Question

Solve the following equation:
\[6{{x}^{4}}-25{{x}^{3}}+12{{x}^{2}}+25x+6=0\]

Answer 1

Hint: At first, rearrange the given equation and write it as, \[6{{x}^{4}}-12{{x}^{2}}+6-25{{x}^{3}}+25x+24{{x}^{2}}=0.\] After that, write it as \[6{{\left( {{x}^{2}}-1 \right)}^{2}}-25x\left( {{x}^{2}}-1 \right)+24{{x}^{2}}=0.\] Then transform it into two quadratic equation factors and factorize them separately to find the values of x.

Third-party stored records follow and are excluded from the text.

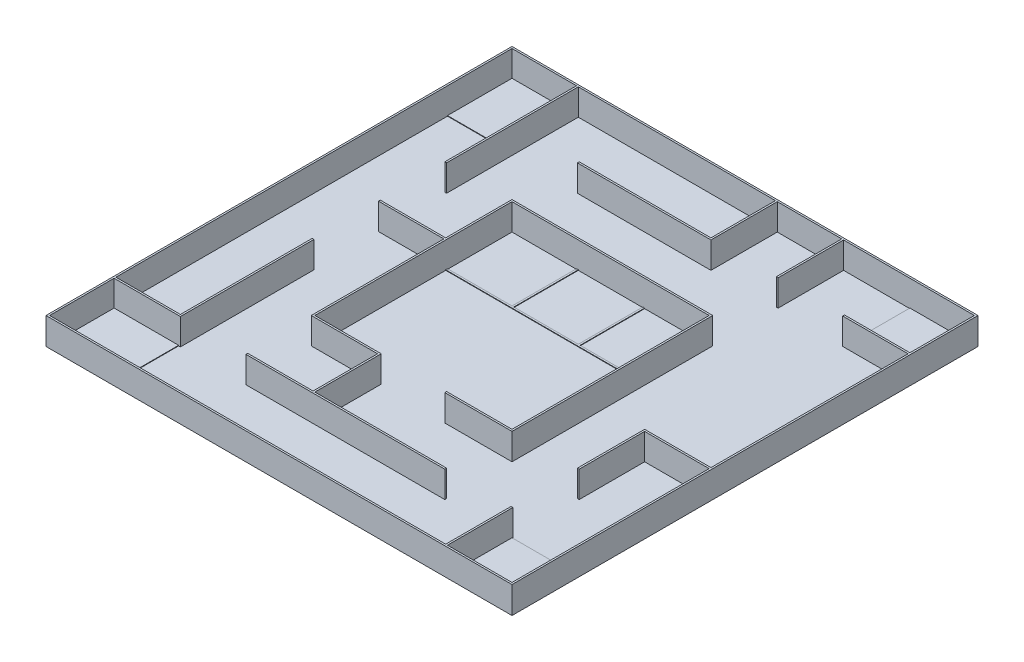
SolidWorks part; units mm, degrees
ref_plane "Front Plane" through (0, 0, 0) normal (0, 0, 1) x (1, 0, 0)
ref_plane "Top Plane" through (0, 0, 0) normal (0, 1, 0) x (1, 0, 0)
ref_plane "Right Plane" through (0, 0, 0) normal (1, 0, 0) x (0, 0, -1)
sketch "Sketch1" plane through (0, 0, 0) normal (0, 1, 0) x (1, 0, 0)
  line L0 (-925, 555) -> (-925, -1290) construction
  line L1 (-1290, -1290) -> (920, -1290)
  line L2 (-1290, -1290) -> (-1290, -930)
  line L3 (-1290, 1290) -> (-930, 1290)
  line L4 (1290, -1290) -> (1290, -190)
  line L5 (-1290, -1290) -> (1290, 1290) construction
  line L6 (-1290, 1290) -> (-930, 930) construction
  line L7 (-555, 1290) -> (-555, -1290) construction
  line L8 (-185, 1290) -> (-185, 930) construction
  line L9 (185, 925) -> (185, -1290) construction
  line L10 (555, 925) -> (555, -1290) construction
  line L11 (925, 1290) -> (925, -185) construction
  line L12 (-925, -925) -> (1290, -925) construction
  line L13 (-1290, 925) -> (-930, 925) construction
  line L14 (-1290, 555) -> (1290, 555) construction
  line L15 (-1290, 185) -> (1290, 185) construction
  line L16 (-1290, -185) -> (925, -185) construction
  line L17 (-1290, -555) -> (1290, -555) construction
  line L18 (-1300, 1300) -> (1300, 1300)
  line L19 (1300, -1300) -> (1300, 1300)
  line L20 (-1300, -1300) -> (1300, -1300)
  line L21 (-1300, -1300) -> (-1300, 1300)
  line L22 (190, 1290) -> (550, 1290)
  line L23 (560, 1290) -> (1290, 1290)
  line L24 (1290, 930) -> (1290, 1290)
  line L25 (1290, -1290) -> (1290, 1290) construction
  line L26 (1290, -180) -> (1290, 920)
  line L27 (185, -555) -> (555, -555)
  line L28 (555, -555) -> (555, -185)
  line L29 (555, -185) -> (555, 185)
  line L30 (555, 185) -> (555, 555)
  line L31 (555, 555) -> (185, 555)
  line L32 (185, 555) -> (-185, 555)
  line L33 (-185, 555) -> (-555, 555)
  line L34 (-555, 555) -> (-555, 185)
  line L35 (-555, 185) -> (-555, -185)
  line L36 (-555, -185) -> (-555, -555)
  line L37 (-555, -555) -> (-185, -555)
  line L38 (-185, -555) -> (-185, -925)
  line L39 (-185, -925) -> (185, -925)
  line L40 (185, -925) -> (555, -925)
  line L41 (-925, 185) -> (-555, 185)
  line L43 (-925, -925) -> (-925, -185)
  line L44 (-555, -925) -> (-185, -925)
  line L45 (925, -555) -> (925, -925) construction
  line L46 (-1290, -920) -> (-1290, 1290)
  line L47 (-1290, -1290) -> (-1290, 1290) construction
  line L48 (-930, 1290) -> (-930, 555)
  line L49 (180, 1290) -> (180, 930)
  line L50 (180, 930) -> (-555, 930)
  line L51 (550, 1290) -> (550, 925)
  line L52 (1290, 930) -> (925, 930)
  line L53 (185, -560) -> (560, -560)
  line L54 (560, -560) -> (560, -185)
  line L55 (560, -185) -> (560, 185)
  line L56 (560, 185) -> (560, 560)
  line L57 (560, 560) -> (185, 560)
  line L58 (185, 560) -> (-185, 560)
  line L59 (-185, 560) -> (-560, 560)
  line L60 (-560, 560) -> (-560, 185)
  line L61 (-560, 185) -> (-560, -185)
  line L62 (-560, -185) -> (-560, -560)
  line L63 (-560, -560) -> (-190, -560)
  line L64 (-190, -560) -> (-190, -925)
  line L65 (-925, 180) -> (-555, 180)
  line L66 (-1290, -930) -> (-920, -930)
  line L67 (-920, -930) -> (-920, -185)
  line L68 (-185, -930) -> (185, -930)
  line L69 (185, -930) -> (555, -930)
  line L70 (-555, -930) -> (-185, -930)
  line L71 (1290, -180) -> (920, -180)
  line L72 (920, -180) -> (920, -555)
  line L73 (930, -1290) -> (930, -925)
  line L74 (-920, 1290) -> (-920, 555)
  line L75 (190, 1290) -> (190, 920)
  line L76 (190, 920) -> (-555, 920)
  line L77 (560, 1290) -> (560, 925)
  line L78 (1290, 920) -> (925, 920)
  line L79 (185, -550) -> (550, -550)
  line L80 (550, -550) -> (550, -185)
  line L81 (550, -185) -> (550, 185)
  line L82 (550, 185) -> (550, 550)
  line L83 (550, 550) -> (185, 550)
  line L84 (185, 550) -> (-185, 550)
  line L85 (-185, 550) -> (-550, 550)
  line L86 (-550, 550) -> (-550, 185)
  line L87 (-550, 185) -> (-550, -185)
  line L88 (-550, -185) -> (-550, -550)
  line L89 (-550, -550) -> (-180, -550)
  line L90 (-180, -550) -> (-180, -925)
  line L91 (-925, 190) -> (-555, 190)
  line L92 (-1290, -920) -> (-930, -920)
  line L93 (-930, -920) -> (-930, -185)
  line L94 (-185, -920) -> (185, -920)
  line L95 (185, -920) -> (555, -920)
  line L96 (-555, -920) -> (-185, -920)
  line L97 (1290, -190) -> (930, -190)
  line L98 (930, -190) -> (930, -555)
  line L99 (920, -1290) -> (920, -925)
  line L101 (-930, 555) -> (-920, 555)
  line L103 (-555, 930) -> (-555, 920)
  line L105 (550, 925) -> (560, 925)
  line L107 (925, 930) -> (925, 920)
  line L108 (185, -560) -> (185, -550)
  line L109 (-560, 185) -> (-550, 185)
  line L110 (-560, 185) -> (-550, 185)
  line L111 (-190, -925) -> (-180, -925)
  line L112 (-925, 180) -> (-925, 190)
  line L113 (-555, 180) -> (-555, 190)
  line L115 (-920, -185) -> (-930, -185)
  line L116 (-185, -930) -> (-185, -920)
  line L117 (555, -930) -> (555, -920)
  line L118 (-555, -930) -> (-555, -920)
  line L119 (-185, -930) -> (-185, -920)
  line L121 (920, -555) -> (930, -555)
  line L123 (930, -925) -> (920, -925)
  line L124 (-920, 1290) -> (180, 1290)
  line L125 (-1290, 1290) -> (1290, 1290) construction
  line L126 (185, 925) -> (925, 925) construction
  line L127 (-925, 925) -> (1290, -1290) construction
  line L128 (-925, 925) -> (-555, 925) construction
  line L129 (930, -1290) -> (1290, -1290)
  line L130 (-185, 925) -> (-185, -1290) construction
  line L131 (-1290, -1290) -> (1290, -1290) construction
  line L133 (-1290, -925) -> (-925, -925) construction
  point P0 (0, 0)
  dimension "D1" = 2580
  dimension "D2" = 2580
  dimension "D3" = 370
  dimension "D4" = 370
  dimension "D5" = 370
  dimension "D6" = 370
  dimension "D7" = 370
  dimension "D8" = 365
  dimension "D9" = 365
  dimension "D10" = 365
  dimension "D11" = 365
  dimension "D12" = 370
  dimension "D13" = 370
  dimension "D14" = 370
  dimension "D15" = 370
  dimension "D16" = 10
  dimension "D17" = 5
  dimension "D18" = 5
extrude "Boss-Extrude1" add sketch "Sketch1" along normal blind 150 contours L64 L96 L38 L37 L36 L35 L65 L61 L62 L63 | L21 L18 L19 L20 | L2 L66 L67 L115 L93 L92 L46 L3 L48 L101 L74 L124 L49 L50 L103 L76 L75 L22 L51 L105 L77 L23 L24 L52 L107 L78 L26 L71 L72 L121 L98 L97 L4 L129 L73 L123 L99 L1 | L56 L57 L58 L59 L60 L109 L86 L85 L84 L83 L82 L81 L80 L79 L108 L53 L54 L55 | L68 L69 L117 L95 L94 L116
sketch "Sketch2" plane through (0, 0, 0) normal (0, 1, 0) x (1, 0, 0)
  line L0 (1300, -1300) -> (1300, 1300) construction
  line L1 (-1300, -1300) -> (1300, -1300) construction
  line L2 (-1300, -1300) -> (-1300, 1300) construction
  line L3 (-1300, 1300) -> (1300, 1300) construction
  line L4 (1300, -1300) -> (1300, 1300)
  line L5 (-1300, -1300) -> (1300, -1300)
  line L6 (-1300, -1300) -> (-1300, 1300)
  line L7 (-1300, 1300) -> (1300, 1300)
extrude "Boss-Extrude2" add sketch "Sketch2" along normal blind 3
sketch "Sketch3" plane through (0, 3, 0) normal (0, 1, 0) x (1, 0, 0)
  line L1 (-1290, 1290) -> (-930, 1290)
  line L2 (-1290, 1290) -> (-1290, 930)
  line L3 (-1290, 930) -> (-930, 930)
  line L4 (-930, 1290) -> (-930, 930)
  dimension "D1" = 360
  dimension "D2" = 360
extrude "Boss-Extrude3" add sketch "Sketch3" along normal blind 3
mirror "Mirror1" about plane through (0, 0, 0) normal (0, 0, 1) of "Boss-Extrude3"
mirror "Mirror2" about plane through (0, 0, 0) normal (1, 0, 0) of "Mirror1", "Boss-Extrude3"
sketch "Sketch5" plane through (0, 3, 0) normal (0, 1, 0) x (1, 0, 0)
  line L0 (-550, 185) -> (550, 185) construction
  line L1 (-550, 550) -> (-550, -550) construction
  line L2 (550, -550) -> (550, 550) construction
  line L3 (-185, 550) -> (-185, 185) construction
  line L4 (550, 550) -> (-550, 550) construction
  line L5 (185, 550) -> (185, 185) construction
  line L6 (550, -550) -> (550, 550)
  line L7 (-550, 550) -> (-550, -550)
  line L8 (550, 550) -> (-550, 550)
  line L9 (-190, 550) -> (-190, 185)
  line L10 (-550, 180) -> (550, 180)
  line L11 (180, 550) -> (180, 185)
  line L12 (-180, 550) -> (-180, 185)
  line L13 (-550, 190) -> (550, 190)
  line L14 (190, 550) -> (190, 185)
  line L15 (-190, 550) -> (-180, 550)
  line L16 (-190, 185) -> (-180, 185)
  line L17 (-550, 180) -> (-550, 190)
  line L18 (550, 180) -> (550, 190)
  line L19 (180, 550) -> (190, 550)
  line L20 (180, 185) -> (190, 185)
  dimension "D1" = 365
  dimension "D2" = 370
  dimension "D3" = 365
  dimension "D4" = 5
  dimension "D5" = 5
extrude "Boss-Extrude4" add sketch "Sketch5" along normal blind 3 contours L13 L18 L10 L17 | L12 L16 L9 L15 | L11 L20 L14 L19

Complete step-by-step answer:
In this question, we are given an equation \[6{{x}^{4}}-25{{x}^{3}}+12{{x}^{2}}+25x+6=0\] and we have to find for the values of x so that it satisfies the given expression. The equation given in the question is
\[6{{x}^{4}}-25{{x}^{3}}+12{{x}^{2}}+25x+6=0\]
It can be further written as,
\[6{{x}^{4}}-12{{x}^{2}}+6-25{{x}^{3}}+25x+24{{x}^{2}}=0\]
\[\Rightarrow 6\left( {{x}^{4}}-2{{x}^{2}}+1 \right)-25x\left( {{x}^{2}}-1 \right)+24{{x}^{2}}=0\]
We know that,
\[{{\left( {{x}^{2}}-1 \right)}^{2}}={{x}^{4}}-2{{x}^{2}}+1\]
So, we can write the equation as,
\[6{{\left( {{x}^{2}}-1 \right)}^{2}}-25x\left( {{x}^{2}}-1 \right)+24{{x}^{2}}=0\]
The above equation can be further written as,
\[6{{\left( {{x}^{2}}-1 \right)}^{2}}-9x\left( {{x}^{2}}-1 \right)-16x\left( {{x}^{2}}-1 \right)+24{{x}^{2}}=0\]
On further simplification, we get,
\[3\left( {{x}^{2}}-1 \right)\left[ 2\left( {{x}^{2}}-1 \right)-3x \right]-8x\left[ 2\left( {{x}^{2}}-1 \right)-3x \right]=0\]
Hence, it can be factorized into,
\[\left[ 2\left( {{x}^{2}}-1 \right)-3x \right]\left[ 3\left( {{x}^{2}}-1 \right)-8x \right]=0\]
So, we can write it as,
\[\left( 2{{x}^{2}}-3x-2 \right)\left( 3{{x}^{2}}-8x-3 \right)=0\]
Now, we can write it as,
\[\left( 2{{x}^{2}}-4x+x-2 \right)\left( 3{{x}^{2}}-9x+x-3 \right)=0\]
This can be further written as,
\[\left[ 2x\left( x-2 \right)+1\left( x-2 \right) \right]\left[ 3x\left( x-3 \right)+1\left( x-3 \right) \right]=0\]
So, it can be factored into,
\[\left( 2x+1 \right)\left( x-2 \right)\left( 3x+1 \right)\left( x-3 \right)=0\]
Hence, the value of x for which the equation satisfies is
\[x=\dfrac{-1}{2},2,\dfrac{-1}{3},3\]
The value of x are \[\dfrac{-1}{2},2,\dfrac{-1}{3},3.\]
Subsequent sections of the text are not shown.